© 1991 The Economist Newspaper Ltd.

The Economist, July 6, 1991, p. 4


Re-examining Iran-contra
By Robert McFarlane
Washington, D.C.

SIR -- Your review (June 22nd) of recent books on the Iran-contra affair by Theodore Draper and Ann Wroe made several useful points regarding the human and institutional failures exposed in this unworthy episode. As one of the principals in it, I must acknowledge many personal errors. Much of my life over the past five years has been spent in an effort at atonement. Still, I feel a measure of disappointment at the superficiality of contemporary criticism in this affair. It is easy to lump all the figures in a cabal together. And it is easy to assume that all actions in a failing effort were failures. That is seldom true. One or two examples may serve to make the point.

Regarding the "Iran" dimension of the affair, there was in my mind a national interest to be served by establishing ties to those likely to succeed Ayatollah Khomenei. The failure to do that more recently in Iraq with both Kurds and Shiites has weakened our position after an otherwise impressive victory. Clearly, however, it was a mistake to introduce arms into the Iranian equation until it was clear that those involved on the other side could act to change either policy or the government itself. That is why, once the ineptitude and relative weakness of the Iranian principals were exposed in December 1985, I urged President Reagan to cease and desist (as I did again after the trip to Tehran in May 1986). It is interesting to note that the adjectives ascribed to me and my colleagues for this effort somehow do not apply to our predecessors in the Carter administration who wanted badly to trade arms for hostages while keeping Congress uninformed, and relied on an arms merchant (not government channels) in their attempt.

The central criticism of these books is that a president and his staff attempted to circumvent constitutional processes, and to subvert congressional-oversight prerogatives in an unprecedented and dangerous fashion. In my case that is not true. My efforts to share what I knew with Congress went far beyond the standards set by my predecessors. My letters to Congress were expanded in personal testimony and private exchanges with them and, in toto, conveyed to them what I knew. Contrast that with the actions of my government in the early 1970s when White House officials decided to bomb a sovereign country, killing thousands, without telling Congress and indeed falsifying records.

As for professional competence and whether or not retired military men ought to serve at cabinet level; again, these books are terribly superficial.
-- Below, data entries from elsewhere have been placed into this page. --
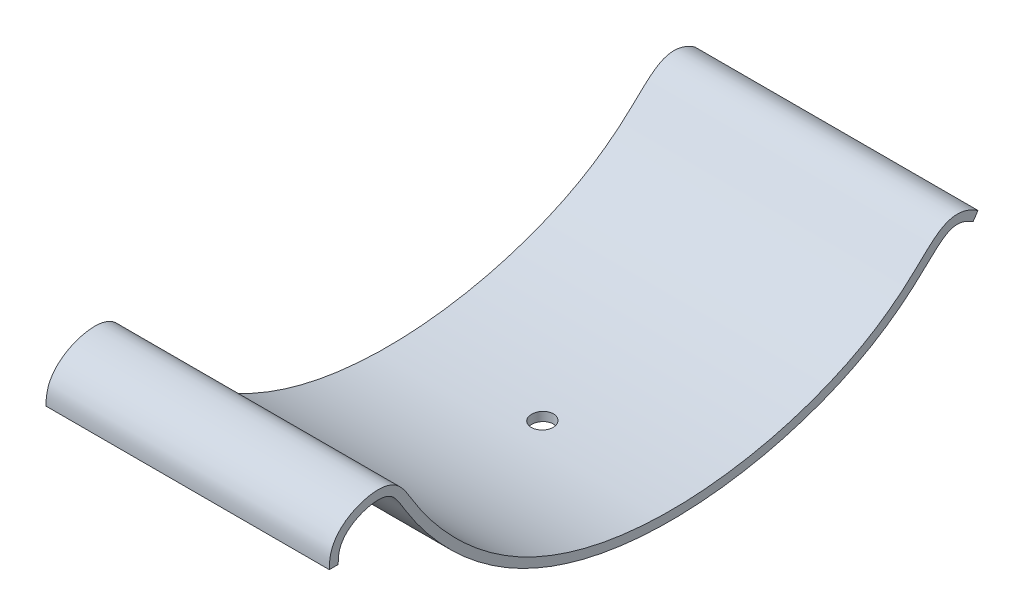
ISO-10303-21;
HEADER;
FILE_DESCRIPTION(('STEP AP214'),'2;1');
FILE_NAME('part.step','',(''),(''),'','','');
FILE_SCHEMA(('AUTOMOTIVE_DESIGN { 1 0 10303 214 1 1 1 1 }'));
ENDSEC;
DATA;
#1=APPLICATION_CONTEXT('core data for automotive mechanical design processes');
#2=APPLICATION_PROTOCOL_DEFINITION('international standard','automotive_design',2000,#1);
#3=PRODUCT_CONTEXT('',#1,'mechanical');
#4=PRODUCT('Part','Part','',(#3));
#5=PRODUCT_RELATED_PRODUCT_CATEGORY('part','',(#4));
#6=PRODUCT_DEFINITION_FORMATION('','',#4);
#7=PRODUCT_DEFINITION_CONTEXT('part definition',#1,'design');
#8=PRODUCT_DEFINITION('design','',#6,#7);
#9=PRODUCT_DEFINITION_SHAPE('','',#8);
#10=(LENGTH_UNIT() NAMED_UNIT(*) SI_UNIT(.MILLI.,.METRE.));
#11=(NAMED_UNIT(*) PLANE_ANGLE_UNIT() SI_UNIT($,.RADIAN.));
#12=(NAMED_UNIT(*) SI_UNIT($,.STERADIAN.) SOLID_ANGLE_UNIT());
#13=UNCERTAINTY_MEASURE_WITH_UNIT(LENGTH_MEASURE(1.E-05),#10,'distance_accuracy_value','');
#14=(GEOMETRIC_REPRESENTATION_CONTEXT(3) GLOBAL_UNCERTAINTY_ASSIGNED_CONTEXT((#13)) GLOBAL_UNIT_ASSIGNED_CONTEXT((#10,
#11,#12)) REPRESENTATION_CONTEXT('',''));
#15=CARTESIAN_POINT('',(0.,0.,0.));
#16=DIRECTION('',(0.,0.,1.));
#17=DIRECTION('',(1.,0.,0.));
#18=AXIS2_PLACEMENT_3D('',#15,#16,#17);
#19=CARTESIAN_POINT('',(-8.12799999999991,-0.834595862935661,-16.8716748113434));
#20=CARTESIAN_POINT('',(-8.12799999999991,-0.758500589889466,-16.7580385047832));
#21=CARTESIAN_POINT('',(-8.12799999999991,-0.614751083082066,-16.5100905502787));
#22=CARTESIAN_POINT('',(-8.12799999999991,-0.442822428426415,-16.0655195392353));
#23=CARTESIAN_POINT('',(-8.12799999999991,-0.390397203187676,-15.5351535365327));
#24=CARTESIAN_POINT('',(-8.12799999999991,-0.554381657714154,-14.9803618686963));
#25=CARTESIAN_POINT('',(-8.12799999999991,-0.959441699435293,-14.3394333059973));
#26=CARTESIAN_POINT('',(-8.12799999999991,-1.67781893043695,-13.5970485310267));
#27=CARTESIAN_POINT('',(-8.12799999999991,-2.69571342949548,-12.5111875307591));
#28=CARTESIAN_POINT('',(-8.12799999999991,-3.7571934363767,-11.0885539642779));
#29=CARTESIAN_POINT('',(-8.12799999999991,-5.10380533286114,-8.69093617801675));
#30=CARTESIAN_POINT('',(-8.12799999999991,-6.44967803214258,-4.84446903375801));
#31=CARTESIAN_POINT('',(-8.12799999999991,-7.09712226295534,0.254465303981544));
#32=CARTESIAN_POINT('',(-8.12799999999991,-6.69212017931453,4.91482262236442));
#33=CARTESIAN_POINT('',(-8.12799999999991,-5.44716621101371,8.6493730974796));
#34=CARTESIAN_POINT('',(-8.12799999999991,-3.73997250168423,11.4025743436018));
#35=CARTESIAN_POINT('',(-8.12799999999991,-1.95910220557749,13.3454415391405));
#36=CARTESIAN_POINT('',(-8.12799999999991,-0.394174789257407,14.6617063996737));
#37=CARTESIAN_POINT('',(-8.12799999999991,0.82661653105176,15.4883777575322));
#38=CARTESIAN_POINT('',(-8.12799999999991,1.73488163903246,15.998453090879));
#39=CARTESIAN_POINT('',(-8.12799999999991,2.45716276657815,16.6950338077725));
#40=CARTESIAN_POINT('',(-8.12799999999991,2.56249825223986,17.7825668359178));
#41=CARTESIAN_POINT('',(-8.12799999999991,2.23981894539993,18.8546539022874));
#42=CARTESIAN_POINT('',(-8.12799999999991,1.76507882125421,19.6532639018205));
#43=CARTESIAN_POINT('',(-8.12799999999991,1.1225727640134,20.153134502105));
#44=CARTESIAN_POINT('',(-8.12799999999991,0.474617449153558,20.3339100819827));
#45=CARTESIAN_POINT('',(-8.12799999999991,0.104773323174379,20.3536529968454));
#46=CARTESIAN_POINT('',(-8.12799999999991,-0.0750645134373062,20.3536529968454));
#47=B_SPLINE_CURVE_WITH_KNOTS('',3,(#19,#20,#21,#22,#23,#24,#25,#26,#27,#28,#29,#30,#31,#32,#33,
#34,#35,#36,#37,#38,#39,#40,#41,#42,#43,#44,#45,#46),.UNSPECIFIED.,.F.,.F.,(4,1,1,1,1,1,1,1,1,1,
1,1,1,1,1,1,1,1,1,1,1,1,1,1,1,4),(0.,0.0078125,0.015625,0.03125,0.046875,0.0625,0.09375,0.125,
0.15625,0.1875,0.25,0.3125,0.375,0.4375,0.5,0.5625,0.625,0.6875,0.75,0.8125,0.875,0.90625,
0.9375,0.96875,0.984375,1.),.UNSPECIFIED.);
#48=DIRECTION('',(1.,0.,0.));
#49=VECTOR('',#48,1.);
#50=SURFACE_OF_LINEAR_EXTRUSION('',#47,#49);
#51=CARTESIAN_POINT('',(0.,-6.92847417412679,0.635000000000052));
#52=CARTESIAN_POINT('',(0.0356673955473135,-6.92847424202453,0.634998423076402));
#53=CARTESIAN_POINT('',(0.0713604720865015,-6.92845990671786,0.631984826605673));
#54=CARTESIAN_POINT('',(0.141763460239447,-6.92839594212717,0.620004867662485));
#55=CARTESIAN_POINT('',(0.176472144631064,-6.92834627064212,0.611031388318102));
#56=CARTESIAN_POINT('',(0.243872049270245,-6.92819224238232,0.587388721582166));
#57=CARTESIAN_POINT('',(0.276564477052722,-6.92808791870129,0.572722982434909));
#58=CARTESIAN_POINT('',(0.339022647828301,-6.92779573587765,0.538111159860263));
#59=CARTESIAN_POINT('',(0.368788336539328,-6.92760787518604,0.518164978522118));
#60=CARTESIAN_POINT('',(0.424546285111496,-6.92711459438814,0.473560879821487));
#61=CARTESIAN_POINT('',(0.450538829234214,-6.92680918314421,0.448903317730044));
#62=CARTESIAN_POINT('',(0.498015900252995,-6.92604704787024,0.395575175288319));
#63=CARTESIAN_POINT('',(0.51950025788984,-6.92559031816063,0.36690444433153));
#64=CARTESIAN_POINT('',(0.557347808584863,-6.92449797108329,0.306369825006207));
#65=CARTESIAN_POINT('',(0.573711663882018,-6.92386237686846,0.274506350262276));
#66=CARTESIAN_POINT('',(0.600858658959247,-6.92239597643936,0.208489050026963));
#67=CARTESIAN_POINT('',(0.611641812346982,-6.92156517070108,0.174335230120456));
#68=CARTESIAN_POINT('',(0.627324297263235,-6.91970811583442,0.104704156437458));
#69=CARTESIAN_POINT('',(0.632223054050812,-6.91868184762616,0.0692267737347756));
#70=CARTESIAN_POINT('',(0.635998583786188,-6.91645292411601,-0.00204137857994751));
#71=CARTESIAN_POINT('',(0.634875346032915,-6.91525026850068,-0.0378321487487643));
#72=CARTESIAN_POINT('',(0.626638850884173,-6.91270560516999,-0.108735008090587));
#73=CARTESIAN_POINT('',(0.619521893871454,-6.91136351183547,-0.143846664384965));
#74=CARTESIAN_POINT('',(0.599496791261863,-6.90859580131977,-0.212374398013284));
#75=CARTESIAN_POINT('',(0.586588604606498,-6.90717018354648,-0.245790463324002));
#76=CARTESIAN_POINT('',(0.555334161688508,-6.904303148228,-0.310008418186525));
#77=CARTESIAN_POINT('',(0.536983389762097,-6.90286171852393,-0.340808109550972));
#78=CARTESIAN_POINT('',(0.495367209555368,-6.90004190433413,-0.398889288098149));
#79=CARTESIAN_POINT('',(0.472101792041757,-6.89866351996684,-0.426170768670957));
#80=CARTESIAN_POINT('',(0.421311155199238,-6.89604967252442,-0.476443936349189));
#81=CARTESIAN_POINT('',(0.393785424767783,-6.8948142266285,-0.499435108022604));
#82=CARTESIAN_POINT('',(0.33525570499369,-6.89256214336128,-0.54046826783324));
#83=CARTESIAN_POINT('',(0.304251735754644,-6.89154550472542,-0.558510284573607));
#84=CARTESIAN_POINT('',(0.239681090473667,-6.88979669326471,-0.589112075821943));
#85=CARTESIAN_POINT('',(0.206117255471266,-6.88906421041542,-0.601677826995722));
#86=CARTESIAN_POINT('',(0.137350924811729,-6.88792988320232,-0.620995313763373));
#87=CARTESIAN_POINT('',(0.102148445470637,-6.8875280355471,-0.627747107233996));
#88=CARTESIAN_POINT('',(0.0311620047851718,-6.88708191632692,-0.635236790847839));
#89=CARTESIAN_POINT('',(-0.00462098098345198,-6.88703709680061,-0.635983896909881));
#90=CARTESIAN_POINT('',(-0.0758040227018798,-6.88730656392684,-0.631467016846669));
#91=CARTESIAN_POINT('',(-0.111204080377829,-6.88762084895994,-0.626203057829213));
#92=CARTESIAN_POINT('',(-0.180596624576626,-6.88858746026657,-0.609819736844883));
#93=CARTESIAN_POINT('',(-0.214589873864755,-6.88923960069302,-0.598703593985635));
#94=CARTESIAN_POINT('',(-0.280227200436439,-6.89083927621305,-0.570935693564246));
#95=CARTESIAN_POINT('',(-0.311871266378478,-6.89178681273264,-0.554283909278961));
#96=CARTESIAN_POINT('',(-0.371946165725079,-6.89391793922611,-0.515900056570388));
#97=CARTESIAN_POINT('',(-0.400373835650002,-6.89510175848685,-0.49416304993474));
#98=CARTESIAN_POINT('',(-0.453178595006078,-6.89763187084351,-0.446234870161672));
#99=CARTESIAN_POINT('',(-0.477555645586833,-6.89897816549755,-0.420043654307806));
#100=CARTESIAN_POINT('',(-0.521606594144856,-6.90175632460805,-0.363904572105874));
#101=CARTESIAN_POINT('',(-0.541273149844062,-6.90318831835806,-0.33395095062288));
#102=CARTESIAN_POINT('',(-0.575298349175829,-6.90605719571663,-0.27116729201783));
#103=CARTESIAN_POINT('',(-0.58965697224162,-6.90749407934412,-0.238337243751027));
#104=CARTESIAN_POINT('',(-0.612667801579727,-6.91030204438403,-0.170704488766405));
#105=CARTESIAN_POINT('',(-0.621315740736801,-6.911673075883,-0.135900327997958));
#106=CARTESIAN_POINT('',(-0.632640699295836,-6.91428882480283,-0.0653290100735757));
#107=CARTESIAN_POINT('',(-0.635317720547508,-6.91553354226283,-0.029561853215968));
#108=CARTESIAN_POINT('',(-0.634622308853049,-6.91785344018537,0.0419037318404204));
#109=CARTESIAN_POINT('',(-0.631252489652438,-6.91892869368016,0.0776021830604811));
#110=CARTESIAN_POINT('',(-0.618561484296612,-6.92088635677184,0.147930587333971));
#111=CARTESIAN_POINT('',(-0.609240314536405,-6.92176876689997,0.182560543330657));
#112=CARTESIAN_POINT('',(-0.584919728294015,-6.92333542338773,0.249737725189134));
#113=CARTESIAN_POINT('',(-0.569925029917916,-6.92401983357185,0.282286655412163));
#114=CARTESIAN_POINT('',(-0.534681946390063,-6.925204158099,0.344405795392998));
#115=CARTESIAN_POINT('',(-0.514433778826222,-6.92570408008106,0.373976128447786));
#116=CARTESIAN_POINT('',(-0.469268019385189,-6.92654453647727,0.429286451509596));
#117=CARTESIAN_POINT('',(-0.444352397834166,-6.92688513793582,0.455028049588669));
#118=CARTESIAN_POINT('',(-0.390552566877031,-6.92744000994333,0.501963956599953));
#119=CARTESIAN_POINT('',(-0.361668433678539,-6.92765428291775,0.523158352832401));
#120=CARTESIAN_POINT('',(-0.300736863990924,-6.92799107246805,0.560409468213653));
#121=CARTESIAN_POINT('',(-0.268687494004858,-6.9281135325624,0.576463021342038));
#122=CARTESIAN_POINT('',(-0.202373577452853,-6.92829716661543,0.602944233185814));
#123=CARTESIAN_POINT('',(-0.168111721731151,-6.92835841358136,0.613378586899887));
#124=CARTESIAN_POINT('',(-0.111361415648438,-6.92842605207504,0.625560357252526));
#125=CARTESIAN_POINT('',(-0.0892407896247952,-6.92844437843214,0.629095784370743));
#126=CARTESIAN_POINT('',(-0.0447501460820092,-6.92846841815675,0.633816100579437));
#127=CARTESIAN_POINT('',(-0.0223801285414712,-6.92847413152316,0.635000989468261));
#128=CARTESIAN_POINT('',(0.,-6.92847417412679,0.635000000000052));
#129=B_SPLINE_CURVE_WITH_KNOTS('',3,(#51,#52,#53,#54,#55,#56,#57,#58,#59,#60,#61,#62,#63,#64,
#65,#66,#67,#68,#69,#70,#71,#72,#73,#74,#75,#76,#77,#78,#79,#80,#81,#82,#83,#84,#85,#86,#87,#88,
#89,#90,#91,#92,#93,#94,#95,#96,#97,#98,#99,#100,#101,#102,#103,#104,#105,#106,#107,#108,#109,
#110,#111,#112,#113,#114,#115,#116,#117,#118,#119,#120,#121,#122,#123,#124,#125,#126,#127,#128),
.UNSPECIFIED.,.T.,.F.,(4,2,2,2,2,2,2,2,2,2,2,2,2,2,2,2,2,2,2,2,2,2,2,2,2,2,2,2,2,2,2,2,2,2,2,2,
2,2,4),(0.,0.106920525513031,0.213968958087242,0.320952644060378,0.427938313880106,
0.534915919414027,0.64189754068855,0.748865320213855,0.8558328389139,0.96281080449899,
1.0697889601838,1.17683319646638,1.28387819168007,1.39101225080462,1.49814651120693,
1.6052936343021,1.71244013813813,1.81946941019151,1.92649761677819,2.03336152638932,
2.14022495408355,2.24702966079371,2.35383488310789,2.46074425669873,2.56765465562219,
2.6747306275297,2.78180701432259,2.88896332005867,2.99611959259912,3.10322955802008,
3.21033922837166,3.31736002140076,3.42437638255562,3.53134766904865,3.63831690165123,
3.74535188579428,3.85225905929953,3.91934819947078,3.9864373453976),.UNSPECIFIED.);
#130=CARTESIAN_POINT('',(0.,-6.92847417412679,0.635000000000052));
#131=VERTEX_POINT('',#130);
#132=EDGE_CURVE('E121',#131,#131,#129,.T.);
#133=ORIENTED_EDGE('',*,*,#132,.F.);
#134=EDGE_LOOP('',(#133));
#135=FACE_BOUND('',#134,.T.);
#136=DIRECTION('',(1.,0.,0.));
#137=VECTOR('',#136,1.);
#138=CARTESIAN_POINT('',(-8.12799999999991,-0.0750645134373062,20.3536529968454));
#139=LINE('',#138,#137);
#140=CARTESIAN_POINT('',(-8.12799999999991,-0.0750645134373062,20.3536529968454));
#141=VERTEX_POINT('',#140);
#142=CARTESIAN_POINT('',(8.12799999999991,-0.0750645134373062,20.3536529968454));
#143=VERTEX_POINT('',#142);
#144=EDGE_CURVE('E100',#141,#143,#139,.T.);
#145=ORIENTED_EDGE('',*,*,#144,.T.);
#146=CARTESIAN_POINT('',(8.12799999999991,-0.834595862935661,-16.8716748113434));
#147=CARTESIAN_POINT('',(8.12799999999991,-0.758500589889466,-16.7580385047832));
#148=CARTESIAN_POINT('',(8.12799999999991,-0.614751083082066,-16.5100905502787));
#149=CARTESIAN_POINT('',(8.12799999999991,-0.442822428426415,-16.0655195392353));
#150=CARTESIAN_POINT('',(8.12799999999991,-0.390397203187676,-15.5351535365327));
#151=CARTESIAN_POINT('',(8.12799999999991,-0.554381657714154,-14.9803618686963));
#152=CARTESIAN_POINT('',(8.12799999999991,-0.959441699435293,-14.3394333059973));
#153=CARTESIAN_POINT('',(8.12799999999991,-1.67781893043695,-13.5970485310267));
#154=CARTESIAN_POINT('',(8.12799999999991,-2.69571342949548,-12.5111875307591));
#155=CARTESIAN_POINT('',(8.12799999999991,-3.7571934363767,-11.0885539642779));
#156=CARTESIAN_POINT('',(8.12799999999991,-5.10380533286114,-8.69093617801675));
#157=CARTESIAN_POINT('',(8.12799999999991,-6.44967803214258,-4.84446903375801));
#158=CARTESIAN_POINT('',(8.12799999999991,-7.09712226295534,0.254465303981544));
#159=CARTESIAN_POINT('',(8.12799999999991,-6.69212017931453,4.91482262236442));
#160=CARTESIAN_POINT('',(8.12799999999991,-5.44716621101371,8.6493730974796));
#161=CARTESIAN_POINT('',(8.12799999999991,-3.73997250168423,11.4025743436018));
#162=CARTESIAN_POINT('',(8.12799999999991,-1.95910220557749,13.3454415391405));
#163=CARTESIAN_POINT('',(8.12799999999991,-0.394174789257407,14.6617063996737));
#164=CARTESIAN_POINT('',(8.12799999999991,0.82661653105176,15.4883777575322));
#165=CARTESIAN_POINT('',(8.12799999999991,1.73488163903246,15.998453090879));
#166=CARTESIAN_POINT('',(8.12799999999991,2.45716276657815,16.6950338077725));
#167=CARTESIAN_POINT('',(8.12799999999991,2.56249825223986,17.7825668359178));
#168=CARTESIAN_POINT('',(8.12799999999991,2.23981894539993,18.8546539022874));
#169=CARTESIAN_POINT('',(8.12799999999991,1.76507882125421,19.6532639018205));
#170=CARTESIAN_POINT('',(8.12799999999991,1.1225727640134,20.153134502105));
#171=CARTESIAN_POINT('',(8.12799999999991,0.474617449153558,20.3339100819827));
#172=CARTESIAN_POINT('',(8.12799999999991,0.104773323174379,20.3536529968454));
#173=CARTESIAN_POINT('',(8.12799999999991,-0.0750645134373062,20.3536529968454));
#174=B_SPLINE_CURVE_WITH_KNOTS('',3,(#146,#147,#148,#149,#150,#151,#152,#153,#154,#155,#156,
#157,#158,#159,#160,#161,#162,#163,#164,#165,#166,#167,#168,#169,#170,#171,#172,#173),
.UNSPECIFIED.,.F.,.F.,(4,1,1,1,1,1,1,1,1,1,1,1,1,1,1,1,1,1,1,1,1,1,1,1,1,4),(0.,0.0078125,
0.015625,0.03125,0.046875,0.0625,0.09375,0.125,0.15625,0.1875,0.25,0.3125,0.375,0.4375,0.5,
0.5625,0.625,0.6875,0.75,0.8125,0.875,0.90625,0.9375,0.96875,0.984375,1.),.UNSPECIFIED.);
#175=CARTESIAN_POINT('',(8.12799999999991,-0.834595862935661,-16.8716748113434));
#176=VERTEX_POINT('',#175);
#177=EDGE_CURVE('E103',#176,#143,#174,.T.);
#178=ORIENTED_EDGE('',*,*,#177,.F.);
#179=DIRECTION('',(1.,0.,0.));
#180=VECTOR('',#179,1.);
#181=CARTESIAN_POINT('',(-8.12799999999991,-0.834595862935661,-16.8716748113434));
#182=LINE('',#181,#180);
#183=CARTESIAN_POINT('',(-8.12799999999991,-0.834595862935661,-16.8716748113434));
#184=VERTEX_POINT('',#183);
#185=EDGE_CURVE('E13',#184,#176,#182,.T.);
#186=ORIENTED_EDGE('',*,*,#185,.F.);
#187=EDGE_CURVE('E104',#184,#141,#47,.T.);
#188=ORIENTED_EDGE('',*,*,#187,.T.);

For example, if asked what was the most salient event in foreign affairs of the 1980s, most informed people would point to the collapse of the Leninist movements. The core of American policy at that time was an investment strategy through which the United States sought to exploit its comparative advantage in high technology with huge investments (eg, the SDI programme) and thereby to expose the relative backwardness of the Soviet system. The expectation in the White House was that if Brezhnev's successors could be faced with the political risk of being ideologically discredited throughout the communist world -- of presiding over the demise of the communist movement -- they would either come our way on things like arms reductions or change their system. They did both. When you contrast this approach with that of my predecessors who persisted in negotiating on Soviet terms, playing to Soviet strength -- and failing in the process to improve the United States' position -- the record of the mid-1980s looks very impressive.